1 Mar 2013
Today, a Dutch court found Yvonne Basebya (Ntacyobatabara) guilty of instigation to commit genocide in the run up to and during the 1994 genocide in Rwanda.
Basebya’s conviction confirms that perpetrators of the worst crimes can be held accountable irrespective of where and when they are found, said REDRESS and Survivors Fund (SURF), two organisations working closely with Rwandan survivors to end impunity for genocide suspects living abroad.
Basebya was accused of having and using an influential position in the Gikondo sector of Kigali to incite hatred and violence among the militias, mostly formed by youths, who committed crimes including murder and rape against Tutsis. A Rwandan who became a Dutch national in 2004, Basebya is the country’s first citizen since the Second World War to be convicted of offences related to genocide. She has been living in the Netherlands since 1998 and was arrested in June 2010.
“Although she did not kill people with her own hands, by inciting others to kill Tutsis, the Court found that she bears responsibility for the killings. Her conviction for instigation of genocide is an important affirmation of the different levels of responsibility for egregious crimes, such as genocide,” said Juergen Schurr, Legal Advisor at REDRESS.
Basebya is the second perpetrator to be convicted in The Netherlands for crimes committed during the genocide in Rwanda. In July 2011, a Dutch appeals court sentenced Joseph Mpambara, a Rwandan citizen, to life in prison for war crimes committed during the genocide.
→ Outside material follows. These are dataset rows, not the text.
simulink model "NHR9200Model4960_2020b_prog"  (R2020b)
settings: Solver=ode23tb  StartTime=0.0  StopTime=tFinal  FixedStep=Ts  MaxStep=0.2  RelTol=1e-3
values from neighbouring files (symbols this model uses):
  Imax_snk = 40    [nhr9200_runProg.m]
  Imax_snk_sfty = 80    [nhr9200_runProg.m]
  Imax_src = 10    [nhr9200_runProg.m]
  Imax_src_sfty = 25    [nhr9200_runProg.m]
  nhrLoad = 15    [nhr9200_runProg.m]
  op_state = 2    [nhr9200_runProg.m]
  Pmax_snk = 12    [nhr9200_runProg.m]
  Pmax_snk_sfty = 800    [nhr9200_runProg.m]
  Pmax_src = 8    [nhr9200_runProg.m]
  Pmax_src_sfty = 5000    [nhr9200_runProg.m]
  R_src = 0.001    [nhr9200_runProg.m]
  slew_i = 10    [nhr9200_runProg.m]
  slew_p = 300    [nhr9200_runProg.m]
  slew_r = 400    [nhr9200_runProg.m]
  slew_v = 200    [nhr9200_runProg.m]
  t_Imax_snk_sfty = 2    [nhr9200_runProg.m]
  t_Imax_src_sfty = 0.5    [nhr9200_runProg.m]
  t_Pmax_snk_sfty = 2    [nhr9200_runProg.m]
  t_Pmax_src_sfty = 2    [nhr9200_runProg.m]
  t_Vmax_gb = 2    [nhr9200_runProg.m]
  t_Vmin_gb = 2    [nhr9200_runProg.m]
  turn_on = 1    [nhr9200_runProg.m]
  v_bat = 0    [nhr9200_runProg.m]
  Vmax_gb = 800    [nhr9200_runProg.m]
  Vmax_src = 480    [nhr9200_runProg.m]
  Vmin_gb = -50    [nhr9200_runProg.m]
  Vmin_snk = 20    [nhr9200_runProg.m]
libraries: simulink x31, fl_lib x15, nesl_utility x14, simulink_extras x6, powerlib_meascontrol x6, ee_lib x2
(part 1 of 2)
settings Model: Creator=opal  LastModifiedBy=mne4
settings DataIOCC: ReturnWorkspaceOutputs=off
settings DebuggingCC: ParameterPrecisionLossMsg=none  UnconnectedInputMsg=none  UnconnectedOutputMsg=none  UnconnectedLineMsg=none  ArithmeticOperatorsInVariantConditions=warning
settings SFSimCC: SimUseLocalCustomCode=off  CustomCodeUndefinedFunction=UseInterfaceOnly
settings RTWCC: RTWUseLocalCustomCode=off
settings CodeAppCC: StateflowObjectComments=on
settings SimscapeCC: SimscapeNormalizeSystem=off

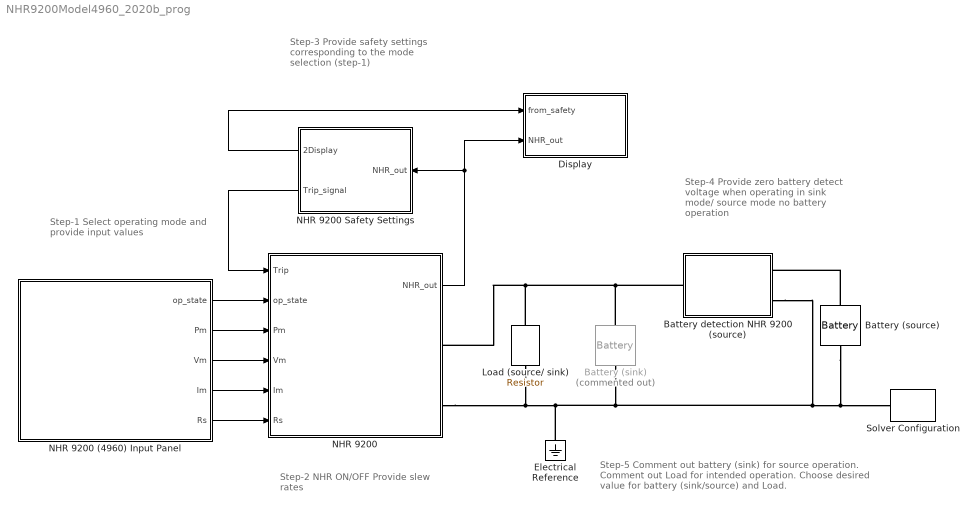
== system NHR9200Model4960_2020b_prog ==
  note: Step-1
      | Select operating mode and provide input values
  note: Step-2
      | NHR ON/OFF
      | Provide slew rates
  note: Step-3
      | Provide safety settings corresponding to the mode selection (step-1)
  note: Step-4
      | Provide zero battery detect voltage when operating in sink mode/ source mode no battery operation
  note: Step-5
      | Comment out battery (sink) for source operation.
      | Comment out Load for intended operation.
      | Choose desired value for battery (sink/source) and Load.
  Battery (sink) : ee_lib/Sources/Battery  Commented=on  Vnom=v_nom_bat_snk V  prm_dir=1  R1_dis=2 Ohm  R1_ch=2 Ohm  R1=r_bat_snk Ohm  prm_AH=1  AH=50 hr*A  V1=11.5 V  AH1=25 hr*A  prm_R2=1  R2=2000 Ohm  prm_dyn=1  Rp1=0.005 Ohm  tau1=30 s  Rp2=0.005 Ohm  tau2=30 s  Rp3=0.005 Ohm  tau3=30 s  Rp4=0.005 Ohm  tau4=30 s  Rp5=0.005 Ohm  tau5=30 s  prm_fade=1  N_fade=100  AH_fade=45 hr*A  R1_fade=2.02 Ohm  R1_ch_fade=2.02 Ohm  V1_fade=10.35 V  i_specify=off  i_priority=None  i=0 A  i_nominal_specify=off  i_nominal_unit=A  i_nominal_value=1  v_specify=off  v_priority=None  v=0 V  v_nominal_specify=off  v_nominal_unit=V  v_nominal_value=1  charge_specify=off  charge_priority=High  charge=50 hr*A  charge_nominal_specify=off  charge_nominal_unit=hr*A  charge_nominal_value=1  num_cycles_specify=off  num_cycles_priority=High  num_cycles=0  num_cycles_nominal_specify=off  num_cycles_nominal_unit=1  num_cycles_nominal_value=1  thermal_mass=30000 J/K  Tmeas=298.15 K  Vnom_T2=12 V  R1_T2=2.2 Ohm  R1_T2_dis=2.2 Ohm  R1_T2_ch=2.2 Ohm  V1_T2=11.4 V  R2_T2=2200 Ohm  Rp1_T2=0.005 Ohm  tau1_T2=30 s  Rp2_T2=0.005 Ohm  tau2_T2=30 s  Rp3_T2=0.005 Ohm  tau3_T2=30 s  Rp4_T2=0.005 Ohm  tau4_T2=30 s  Rp5_T2=0.005 Ohm  tau5_T2=30 s  Tmeas2=273.15 K  temperature_specify=off  temperature_priority=High  temperature=298.15 K  temperature_nominal_specify=off  temperature_nominal_unit=K  temperature_nominal_value=1
  Battery (source) : ee_lib/Sources/Battery  Vnom=v_nom_bat_src V  prm_dir=1  R1_dis=2 Ohm  R1_ch=2 Ohm  R1=r_bat_src Ohm  prm_AH=1  AH=50 hr*A  V1=11.5 V  AH1=25 hr*A  prm_R2=1  R2=2000 Ohm  prm_dyn=1  Rp1=0.005 Ohm  tau1=30 s  Rp2=0.005 Ohm  tau2=30 s  Rp3=0.005 Ohm  tau3=30 s  Rp4=0.005 Ohm  tau4=30 s  Rp5=0.005 Ohm  tau5=30 s  prm_fade=1  N_fade=100  AH_fade=45 hr*A  R1_fade=2.02 Ohm  R1_ch_fade=2.02 Ohm  V1_fade=10.35 V  i_specify=off  i_priority=None  i=0 A  i_nominal_specify=off  i_nominal_unit=A  i_nominal_value=1  v_specify=off  v_priority=None  v=0 V  v_nominal_specify=off  v_nominal_unit=V  v_nominal_value=1  charge_specify=off  charge_priority=High  charge=50 hr*A  charge_nominal_specify=off  charge_nominal_unit=hr*A  charge_nominal_value=1  num_cycles_specify=off  num_cycles_priority=High  num_cycles=0  num_cycles_nominal_specify=off  num_cycles_nominal_unit=1  num_cycles_nominal_value=1  thermal_mass=30000 J/K  Tmeas=298.15 K  Vnom_T2=12 V  R1_T2=2.2 Ohm  R1_T2_dis=2.2 Ohm  R1_T2_ch=2.2 Ohm  V1_T2=11.4 V  R2_T2=2200 Ohm  Rp1_T2=0.005 Ohm  tau1_T2=30 s  Rp2_T2=0.005 Ohm  tau2_T2=30 s  Rp3_T2=0.005 Ohm  tau3_T2=30 s  Rp4_T2=0.005 Ohm  tau4_T2=30 s  Rp5_T2=0.005 Ohm  tau5_T2=30 s  Tmeas2=273.15 K  temperature_specify=off  temperature_priority=High  temperature=298.15 K  temperature_nominal_specify=off  temperature_nominal_unit=K  temperature_nominal_value=1
  Battery detection NHR 9200 (source) : Subsystem  mask{Vdetect=v_bat}
      mask prompts: Vdetect "Battery detect voltage: (0: battery detection disabled)"
  Display : Subsystem
  Electrical Reference : fl_lib/Electrical/Electrical Elements/Electrical Reference
  Load (source/ sink) : fl_lib/Electrical/Electrical Elements/Resistor  R=nhrLoad Ohm  i_specify=off  i_priority=None  i=0 A  i_nominal_specify=off  i_nominal_unit=A  i_nominal_value=1  v_specify=off  v_priority=None  v=0 V  v_nominal_specify=off  v_nominal_unit=V  v_nominal_value=1
  NHR 9200 : Subsystem  mask{p_switch=turn_on, Vslew=slew_v, Islew=slew_i, Rslew=slew_r, Pslew=slew_p, Vbset=v_bat}
      mask prompts: p_switch "Enter 1 to turn ON, 0 to turn OFF NHR 9200"
      mask DialogControl DescTextVar Prompt: NHR 9200
      mask DialogControl Container5 Prompt: Slew Rates
      mask DialogControl control2 Prompt: Voltage slew rate [0.165V/s-600V/ms]:
      mask DialogControl Control3 Prompt: Current slew rate [0.011 A/s-40A/ms]:
      mask DialogControl Control4 Prompt: Resistance slew rate [0.14 ohms/s-500 ohms/ms]:
      mask DialogControl Control5 Prompt: Power slew rate [2W/s-8kW/s]:
      mask DialogControl Container6 Prompt: Set Battery Detect Voltage
      mask DialogControl Control7 Prompt: Battery detect voltage: (0: battery detection disabled)
      mask Display: image('NHR9200.png');
  NHR 9200 (4960) Input Panel : Subsystem  mask{op_state=op_state, Vmch=Vmax_src, Imch=Imax_src, Pmch=Pmax_src, Rsch=R_src, Vmdch=Vmin_snk, Imdch=Imax_snk, Pmdch=Pmax_snk}
      mask DialogControl Control2 Prompt: Select operating state (1: standby, 2: Charge, 3: Discharge, 4: Battery)
      mask DialogControl Container7 Prompt: Limiting mode (CV, CC, CP, CR)
      mask DialogControl Container9 Prompt: Set '0' to disable a mode
      mask DialogControl Container4 Prompt: Charging mode input parameters
      mask DialogControl Control3 Prompt: Max Voltage [0~600V]:
      mask DialogControl Control4 Prompt: Max Current [0~(+40)A]:
      mask DialogControl Control5 Prompt: Max Power [0~8kW]:
      mask DialogControl Control6 Prompt: Resistance [0~500 ohms]:
      mask DialogControl Container4_copy Prompt: Discharging mode input parameters
      mask DialogControl Control3_copy Prompt: Min Voltage [10~600V]:
      mask DialogControl Control4_copy Prompt: Max Current [0~(-40)A], enter absolute value:
      mask DialogControl Control5_copy Prompt: Max Power [0~12kW]:
      mask Display: image('NHR9200Model4960HMI.png');
  NHR 9200 Safety Settings : Subsystem  mask{Vmin=Vmin_gb, Tvmin=t_Vmin_gb, Vmax=Vmax_gb, Tvmax=t_Vmax_gb, Imaxdch=Imax_snk_sfty, Timaxdch=t_Imax_snk_sfty, Pmaxdch=Pmax_snk_sfty, Tpmaxdch=t_Pmax_snk_sfty, Imaxch=Imax_src_sfty, Timaxch=t_Imax_src_sfty, Pmaxch=Pmax_src_sfty, Tpmaxch=t_Pmax_src_sfty}
      mask prompts: Vmin "Min Voltage (V):"; Tvmin "Min Voltage time (S):"; Vmax "Max Voltage (V):"; Tvmax "Max Voltage time (S):"; Imaxdch "Max Current (A):"; Timaxdch "Max Current Time (S):"; Pmaxdch "Max Power (W):"; Tpmaxdch "Max Power Time (S):"; Imaxch "Max Current (A):"; Timaxch "Max Current Time (S):"; Pmaxch "Max Power (W):"; Tpmaxch "Max Power Time (S):"
      mask DialogControl DescTextVar Prompt: NHR 9410 Safety Settings
      mask DialogControl Container27 Prompt: Provide safety trip parameters
      mask DialogControl Container123 Prompt: Global safety limits (all modes)
      mask DialogControl Container124 Prompt: Discharge safety limits (sink mode- discharge and battery)
      mask DialogControl Container125 Prompt: Charge safety limits (source mode- charge and battery)
  Solver Configuration : nesl_utility/Solver Configuration  PhysicalDomain=network_engine_domain  SubClassName=solver  LeftPortType=input  RightPortType=generic  Tones=[]  Harmonics=[]  SimulateNoise=off  Profile=off  UseLocalSampling=off  EnableSwitchedLinearOptims=on  FrequencyDomain=off  UseCCode=off  RelTol=0.001  AbsTol=1e-06  MinStep=1e-09  ToWorkspace=off  RevertToSquareIcSolve=off  NumHomotopyIterations=100  PhasorMode=off  PhasorModeNumHarmonics=1  DoDC=off  ResidualTolerance=1e-09  UseLocalSolver=on  LocalSolverChoice=NE_TRAPEZOIDAL_ADVANCER  LocalSolverSampleTime=Ts  DoFixedCost=off  MaxNonlinIter=3  MaxModeIter=2  ComputeImpulses=off  ImpulseIterations=2  LinearAlgebra=Sparse  EquationFormulation=NE_TIME_EF  DelaysMemoryBudget=1024  AutomaticFiltering=off  FilteringTimeConstant=0.001  PartitionStorageMethod=AS_NEEDED  PartitionMemoryBudget=1024  PartitionMethod=FAST
  wires:
  NHR 9200/1(NHR_out) -> Display/2(NHR_out), NHR 9200 Safety Settings/1(NHR_out)
  NHR 9200 Safety Settings/2(Trip_signal) -> NHR 9200/1(Trip)
  NHR 9200 (4960) Input Panel/1(op_state) -> NHR 9200/2(op_state)
  NHR 9200 (4960) Input Panel/2(Pm) -> NHR 9200/3(Pm)
  NHR 9200 (4960) Input Panel/3(Vm) -> NHR 9200/4(Vm)
  NHR 9200 (4960) Input Panel/4(Im) -> NHR 9200/5(Im)
  NHR 9200 (4960) Input Panel/5(Rs) -> NHR 9200/6(Rs)
  NHR 9200 Safety Settings/1(2Display) -> Display/1(from_safety)
  connections:
  Electrical Reference/LConn1 -- NHR 9200/RConn2 -- Load (source/ sink)/RConn1 -- Battery detection NHR 9200 (source)/LConn2 -- Battery (source)/RConn1 -- Solver Configuration/RConn1 -- Battery (sink)/RConn1
  Load (source/ sink)/LConn1 -- Battery (sink)/LConn1 -- Battery detection NHR 9200 (source)/RConn1 -- NHR 9200/RConn1
  Battery (source)/LConn1 -- Battery detection NHR 9200 (source)/LConn1

== system NHR9200Model4960_2020b_prog/Battery detection NHR 9200 (source) ==
  Battery detection : Subsystem
  Switch : fl_lib/Electrical/Electrical Elements/Switch  R_closed=1e-6 Ohm  G_open=1e-50 1/Ohm  Threshold=0.5  i_specify=off  i_priority=None  i=0 A  i_nominal_specify=off  i_nominal_unit=A  i_nominal_value=1  v_specify=off  v_priority=None  v=0 V  v_nominal_specify=off  v_nominal_unit=V  v_nominal_value=1
  Voltage Sensor : fl_lib/Electrical/Electrical Sensors/Voltage Sensor
  +in : PMIOPort  Side=Right
  +out2battery : PMIOPort  Port=2  Side=Left
  - : PMIOPort  Port=3  Side=Left
  connections:
  Voltage Sensor/LConn1 -- +out2battery/RConn1 -- Switch/LConn1
  Battery detection/LConn1 -- Voltage Sensor/RConn1
  Switch/RConn2 -- +in/RConn1
  Battery detection/RConn1 -- Switch/RConn1
  Voltage Sensor/RConn2 -- -/RConn1

== system NHR9200Model4960_2020b_prog/Display ==
  note: Pmax_trip (charge)
  note: Imax_trip (charge)
  note: Pmax_trip (discharge)
  note: Imax_trip (discharge)
  note: Vmax_trip
  note: Vmin_trip
  note: Trip
  from_safety : Inport
  NHR_out : Inport  Port=2
  Demux : Demux
  Demux1 : Demux  Outputs=7
  Divide : Product  Commented=on  Inputs=*/
  Mux : Mux  Inputs=2
  NHR 9200 output waveforms [P,V,I] : Scope  NumInputPorts=3
  R : Scope  Commented=on
  Terminator : Terminator
  Trip Signals : Scope  NumInputPorts=7
  Vout/Vuut : Scope  NumInputPorts=2
  wires:
  Demux/1 -> NHR 9200 output waveforms [P,V,I]/1
  NHR_out/1 -> Demux/1
  from_safety/1 -> Demux1/1
  Demux1/1 -> Trip Signals/1
  Demux1/2 -> Trip Signals/2
  Demux1/3 -> Trip Signals/3
  Demux1/4 -> Trip Signals/4
  Demux1/5 -> Trip Signals/5
  Demux1/6 -> Trip Signals/6
  Demux1/7 -> Trip Signals/7
  Demux/4 -> Terminator/1
  Demux/2 -> Mux/1, Divide/1, NHR 9200 output waveforms [P,V,I]/2
  Divide/1 -> R/1
  Demux/3 -> Divide/2, NHR 9200 output waveforms [P,V,I]/3
  [Vuut_bat] -> Mux/2
  [Vdetect] -> Vout/Vuut/2
  Mux/1 -> Vout/Vuut/1

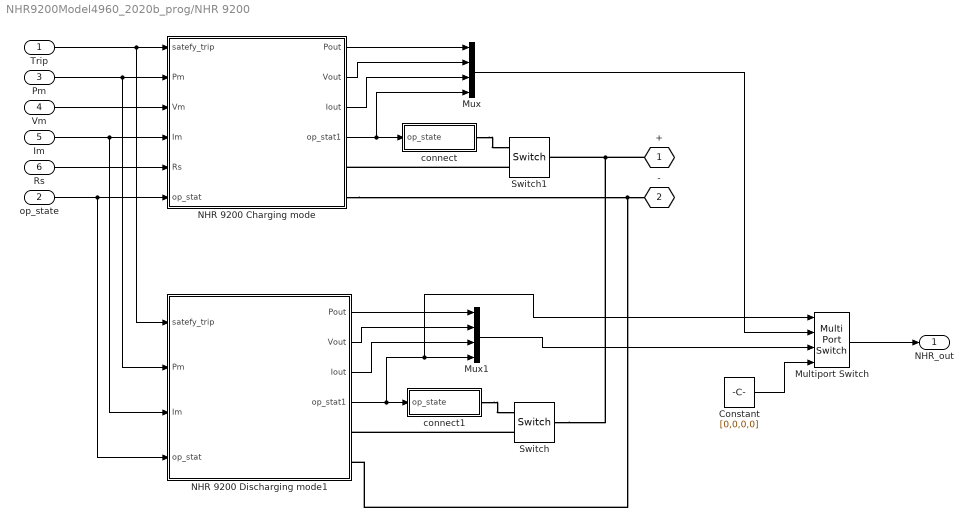
== system NHR9200Model4960_2020b_prog/NHR 9200 ==
  Trip : Inport
  op_state : Inport  Port=2
  Pm : Inport  Port=3
  Vm : Inport  Port=4
  Im : Inport  Port=5
  Rs : Inport  Port=6
  Constant : Constant  Value=[0,0,0,0]
  Multiport Switch : MultiPortSwitch  DataPortOrder=Specify indices  Inputs=2  DataPortIndices={2,3}  DataPortForDefault=Additional data port  DiagnosticForDefault=None
  Mux : Mux
  Mux1 : Mux
  NHR 9200 Charging mode : Subsystem
  NHR 9200 Discharging mode1 : Subsystem
  Switch : fl_lib/Electrical/Electrical Elements/Switch  R_closed=1e-6 Ohm  G_open=1e-50 1/Ohm  Threshold=0.5  i_specify=off  i_priority=None  i=0 A  i_nominal_specify=off  i_nominal_unit=A  i_nominal_value=1  v_specify=off  v_priority=None  v=0 V  v_nominal_specify=off  v_nominal_unit=V  v_nominal_value=1
  Switch1 : fl_lib/Electrical/Electrical Elements/Switch  R_closed=1e-6 Ohm  G_open=1e-50 1/Ohm  Threshold=0.5  i_specify=off  i_priority=None  i=0 A  i_nominal_specify=off  i_nominal_unit=A  i_nominal_value=1  v_specify=off  v_priority=None  v=0 V  v_nominal_specify=off  v_nominal_unit=V  v_nominal_value=1
  connect : Subsystem  mask{op_state=2}
      mask prompts: op_state "Intended operating state (integer number):"
      mask DialogControl Control3 Prompt: Select operating state (1: standby, 2: Charge, 3: Discharge, 4: Battery)
  connect1 : Subsystem  mask{op_state=3}
      mask prompts: op_state "Intended operating state (integer number):"
      mask DialogControl Control3 Prompt: Select operating state (1: standby, 2: Charge, 3: Discharge, 4: Battery)
  + : PMIOPort  Side=Right
  - : PMIOPort  Port=2  Side=Right
  NHR_out : Outport  VectorParamsAs1DForOutWhenUnconnected=off
  wires:
  Vm/1 -> NHR 9200 Charging mode/3(Vm)
  Im/1 -> NHR 9200 Discharging mode1/3(Im), NHR 9200 Charging mode/4(Im)
  Rs/1 -> NHR 9200 Charging mode/5(Rs)
  NHR 9200 Charging mode/1(Pout) -> Mux/1
  NHR 9200 Charging mode/2(Vout) -> Mux/2
  NHR 9200 Charging mode/3(Iout) -> Mux/3
  op_state/1 -> NHR 9200 Discharging mode1/4("op_stat "), NHR 9200 Charging mode/6("op_stat ")
  Trip/1 -> NHR 9200 Discharging mode1/1(satefy_trip), NHR 9200 Charging mode/1(satefy_trip)
  NHR 9200 Charging mode/4(op_stat1) -> Mux/4, connect/1(op_state)
  Pm/1 -> NHR 9200 Discharging mode1/2(Pm), NHR 9200 Charging mode/2(Pm)
  NHR 9200 Discharging mode1/4(op_stat1) -> Mux1/4, Multiport Switch/1, connect1/1(op_state)
  NHR 9200 Discharging mode1/3(Iout) -> Mux1/3
  NHR 9200 Discharging mode1/2(Vout) -> Mux1/2
  NHR 9200 Discharging mode1/1(Pout) -> Mux1/1
  Multiport Switch/1 -> NHR_out/1
  Mux1/1 -> Multiport Switch/3
  Mux/1 -> Multiport Switch/2
  Constant/1 -> Multiport Switch/4
  connections:
  NHR 9200 Discharging mode1/RConn2 -- NHR 9200 Charging mode/RConn2 -- -/RConn1
  +/RConn1 -- Switch/LConn1 -- Switch1/LConn1
  Switch1/RConn2 -- NHR 9200 Charging mode/RConn1
  connect/RConn1 -- Switch1/RConn1
  connect1/RConn1 -- Switch/RConn1
  Switch/RConn2 -- NHR 9200 Discharging mode1/RConn1

== system NHR9200Model4960_2020b_prog/NHR 9200 (4960) Input Panel ==
  Charging mode Input Params : Subsystem
  Compare To Constant1 : simulink/Logic and Bit Operations/Compare To Constant  relop===  const=3  OutDataTypeStr=boolean
  Compare To Constant4 : simulink/Logic and Bit Operations/Compare To Constant  relop===  const=2  OutDataTypeStr=boolean
  Constant : Constant  Value=op_state
  Constant1 : Constant  Value=[0,0,0,0]
  Demux : Demux
  Discharging mode Input Params : Subsystem
  Multiport Switch : MultiPortSwitch  DataPortOrder=Specify indices  Inputs=2  DataPortIndices={2,3}  DataPortForDefault=Additional data port  DiagnosticForDefault=None
  Mux : Mux
  Mux1 : Mux
  op_state : Outport  VectorParamsAs1DForOutWhenUnconnected=off
  Pm : Outport  Port=2  VectorParamsAs1DForOutWhenUnconnected=off
  Vm : Outport  Port=3  VectorParamsAs1DForOutWhenUnconnected=off
  Im : Outport  Port=4  VectorParamsAs1DForOutWhenUnconnected=off
  Rs : Outport  Port=5  VectorParamsAs1DForOutWhenUnconnected=off
  wires:
  Compare To Constant4/1 -> Charging mode Input Params/Enable
  Constant/1 -> Compare To Constant1/1, Multiport Switch/1, op_state/1, Compare To Constant4/1
  Demux/1 -> Vm/1
  Demux/2 -> Im/1
  Demux/3 -> Pm/1
  Demux/4 -> Rs/1
  Multiport Switch/1 -> Demux/1
  Charging mode Input Params/1(Vm) -> Mux/1
  Charging mode Input Params/2(Im) -> Mux/2
  Charging mode Input Params/3(Pm) -> Mux/3
  Charging mode Input Params/4(Rs) -> Mux/4
  Mux/1 -> Multiport Switch/2
  Discharging mode Input Params/1(Vm) -> Mux1/1
  Discharging mode Input Params/2(Im) -> Mux1/2
  Discharging mode Input Params/3(Pm) -> Mux1/3
  Discharging mode Input Params/4(Rs) -> Mux1/4
  Mux1/1 -> Multiport Switch/3
  Constant1/1 -> Multiport Switch/4
  Compare To Constant1/1 -> Discharging mode Input Params/Enable

== system NHR9200Model4960_2020b_prog/NHR 9200 Safety Settings ==
  NHR_out : Inport
  Charge safety limits : Subsystem
      settings: MinAlgLoopOccurrences=on
  Compare To Constant1 : simulink/Logic and Bit Operations/Compare To Constant  relop===  const=4  OutDataTypeStr=boolean
  Compare To Constant2 : simulink/Logic and Bit Operations/Compare To Constant  relop===  const=3  OutDataTypeStr=boolean
  Compare To Constant3 : simulink/Logic and Bit Operations/Compare To Constant  relop===  const=4  OutDataTypeStr=boolean
  Compare To Constant4 : simulink/Logic and Bit Operations/Compare To Constant  relop===  const=2  OutDataTypeStr=boolean
  Data Type Conversion : DataTypeConversion  OutDataTypeStr=double
  Demux : Demux
  Discharge safety limits : Subsystem
      settings: MinAlgLoopOccurrences=on
  Global safety limits : Subsystem
  Logical Operator1 : Logic  Operator=OR  AllPortsSameDT=off  OutDataTypeStr=boolean
  Logical Operator2 : Logic  Operator=OR  AllPortsSameDT=off  OutDataTypeStr=boolean
  Logical Operator3 : Logic  Operator=OR  Inputs=6  AllPortsSameDT=off  OutDataTypeStr=boolean
  Mux : Mux  Inputs=7
  Unit Delay2 : UnitDelay  InitialCondition=1  SampleTime=-1  HasFrameUpgradeWarning=on
  2Display : Outport  VectorParamsAs1DForOutWhenUnconnected=off
  Trip_signal : Outport  Port=2  VectorParamsAs1DForOutWhenUnconnected=off
  wires:
  NHR_out/1 -> Demux/1
  Logical Operator3/1 -> Mux/1, Data Type Conversion/1
  Compare To Constant2/1 -> Logical Operator1/1
  Compare To Constant1/1 -> Logical Operator1/2
  Logical Operator1/1 -> Discharge safety limits/Enable
  Compare To Constant3/1 -> Logical Operator2/2
  Compare To Constant4/1 -> Logical Operator2/1
  Logical Operator2/1 -> Charge safety limits/Enable
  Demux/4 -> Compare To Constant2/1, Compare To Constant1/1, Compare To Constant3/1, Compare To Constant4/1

In both cases, victims were able to participate during the proceedings and make their voices heard, describing, in statements to the judges, the impact these crimes had upon them and their lives. A number of countries have previously prosecuted perpetrators of international crimes under the principle of universal jurisdiction, but the Netherlands is one of a very few countries where some victims have been able to participate beyond their role as witnesses.
“We applaud these efforts to encourage victims’ participation in such proceedings, as it recognises the need that many victims have to play an active part in a case that concerns them, and not only as witnesses,” said Albert Gasake, Legal Advocacy Coordinator of Survivors Fund (SURF). “Involving victims in these proceedings can also help them to reestablish their dignity and individual agency, both of which are crucial to helping them move beyond what they have suffered,” added Gasake.
The Dutch court sentenced Basebya to six years and eight months in prison. During the hearing, the Court expressed its regret that it was limited by law in imposing a sentence which the Court did not believe was commensurate with the gravity of the crime. Although under current sentencing rules related to international crimes such as genocide, Basebya could have served up to 30 years in prison for incitement to genocide, these rules do not apply to crimes committed between 1992 and 1994. Basebya was acquitted of five other charges related to co-perpetration of genocide, attempted genocide, conspiracy to commit genocide and war crimes.